Records from a data source
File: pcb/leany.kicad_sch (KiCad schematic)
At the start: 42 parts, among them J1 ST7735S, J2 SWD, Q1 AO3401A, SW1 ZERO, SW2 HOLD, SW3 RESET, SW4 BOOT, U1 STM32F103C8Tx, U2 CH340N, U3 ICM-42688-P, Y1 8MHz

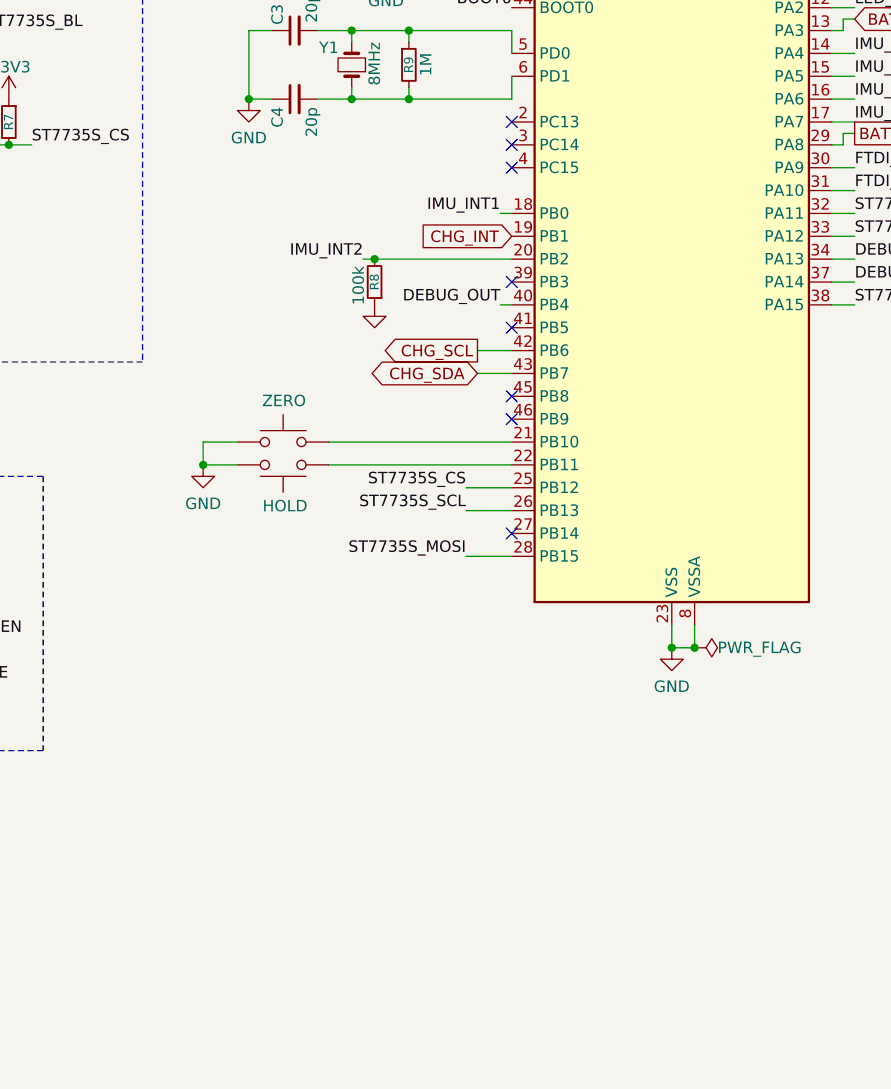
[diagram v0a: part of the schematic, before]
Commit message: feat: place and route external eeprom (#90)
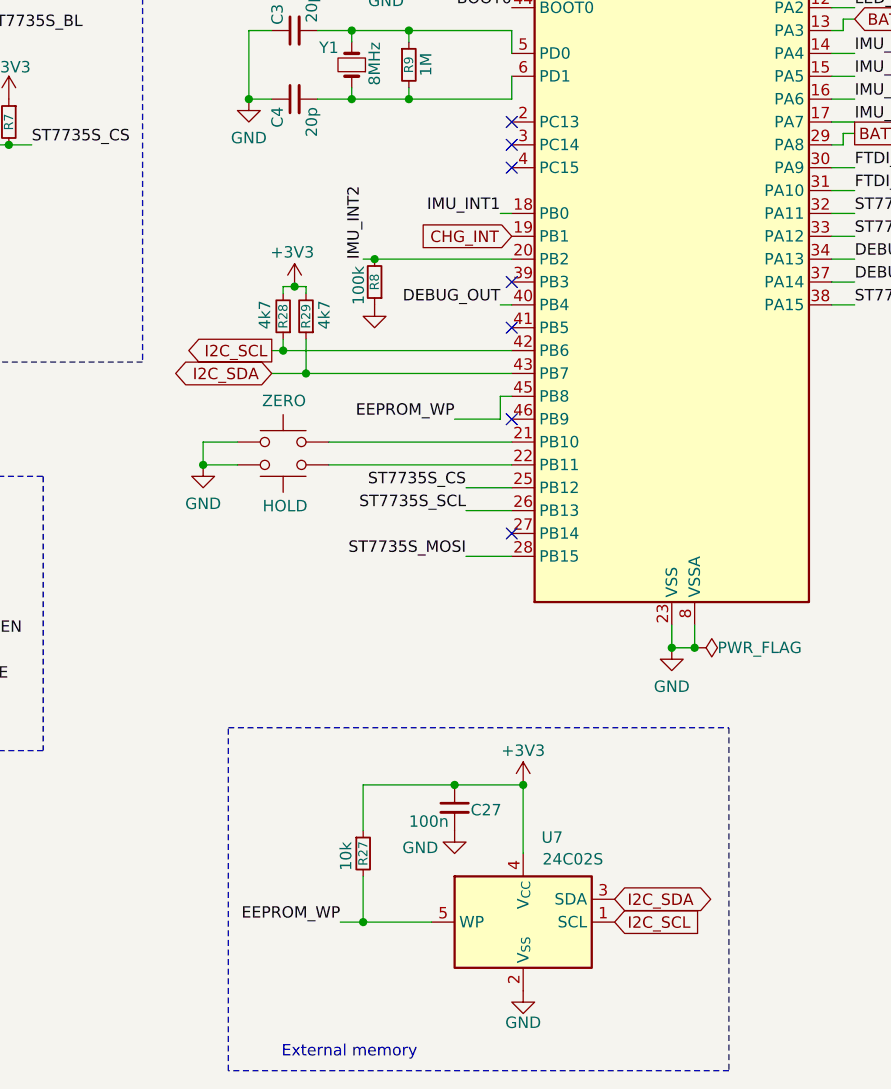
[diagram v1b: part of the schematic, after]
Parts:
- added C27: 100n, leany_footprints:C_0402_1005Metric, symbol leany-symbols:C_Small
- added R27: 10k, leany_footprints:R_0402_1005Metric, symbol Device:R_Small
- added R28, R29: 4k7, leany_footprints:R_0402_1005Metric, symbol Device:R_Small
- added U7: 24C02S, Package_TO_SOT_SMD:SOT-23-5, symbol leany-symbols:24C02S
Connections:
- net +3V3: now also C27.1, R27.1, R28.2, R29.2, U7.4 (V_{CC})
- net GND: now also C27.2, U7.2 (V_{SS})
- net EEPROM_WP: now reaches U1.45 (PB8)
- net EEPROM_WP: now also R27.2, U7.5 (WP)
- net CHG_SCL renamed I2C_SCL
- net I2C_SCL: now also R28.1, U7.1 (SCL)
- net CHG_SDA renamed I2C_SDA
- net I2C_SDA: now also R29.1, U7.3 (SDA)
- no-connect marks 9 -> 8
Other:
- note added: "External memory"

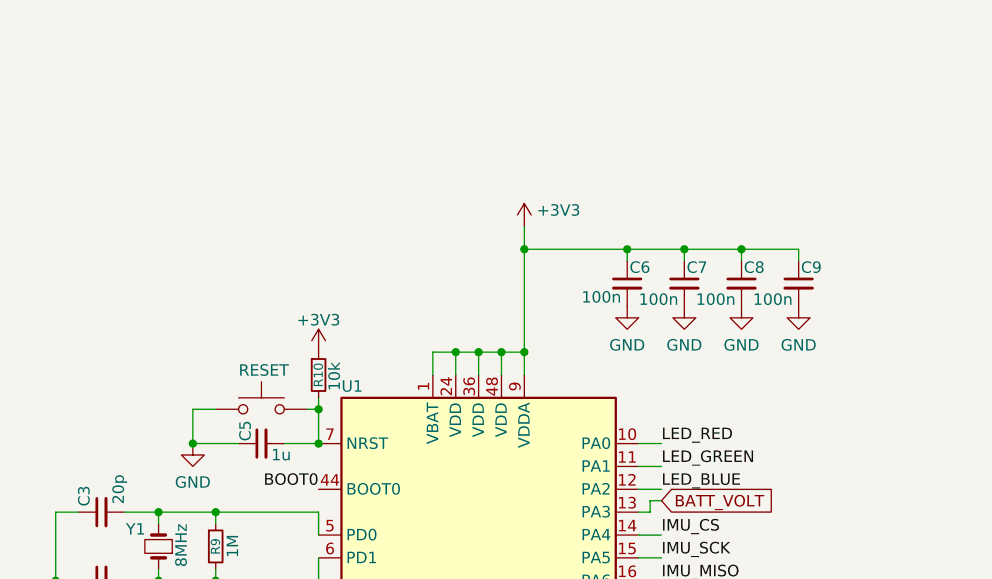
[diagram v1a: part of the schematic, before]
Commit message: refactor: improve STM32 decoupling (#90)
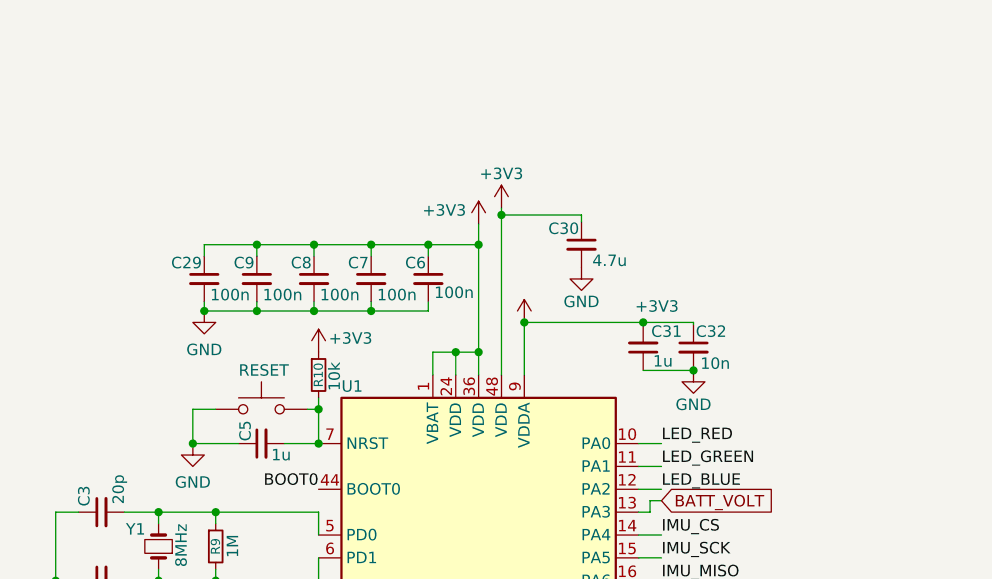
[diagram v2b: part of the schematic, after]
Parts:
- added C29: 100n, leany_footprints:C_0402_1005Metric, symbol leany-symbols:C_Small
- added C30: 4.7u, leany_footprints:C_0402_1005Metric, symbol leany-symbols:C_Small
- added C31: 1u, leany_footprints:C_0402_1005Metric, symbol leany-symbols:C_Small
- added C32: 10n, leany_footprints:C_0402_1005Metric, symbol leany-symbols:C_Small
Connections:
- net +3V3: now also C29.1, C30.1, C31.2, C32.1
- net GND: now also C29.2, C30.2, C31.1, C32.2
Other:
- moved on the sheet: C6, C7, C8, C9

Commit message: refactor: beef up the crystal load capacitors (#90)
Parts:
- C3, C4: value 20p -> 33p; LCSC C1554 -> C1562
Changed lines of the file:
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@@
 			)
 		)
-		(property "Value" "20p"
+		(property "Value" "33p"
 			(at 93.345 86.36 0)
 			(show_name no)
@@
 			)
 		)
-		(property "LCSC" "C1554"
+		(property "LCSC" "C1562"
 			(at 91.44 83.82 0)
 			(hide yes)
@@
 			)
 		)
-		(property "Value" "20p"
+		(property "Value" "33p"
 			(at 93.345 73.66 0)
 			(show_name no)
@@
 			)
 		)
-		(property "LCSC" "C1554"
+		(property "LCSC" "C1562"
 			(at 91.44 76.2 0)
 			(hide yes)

Instructions for the task:
Reproduce each line from the data that has "schematic" in it.

Response area:
File: pcb/leany.kicad_sch (KiCad schematic)
[diagram v0a: part of the schematic, before]
[diagram v1b: part of the schematic, after]
[diagram v1a: part of the schematic, before]
[diagram v2b: part of the schematic, after]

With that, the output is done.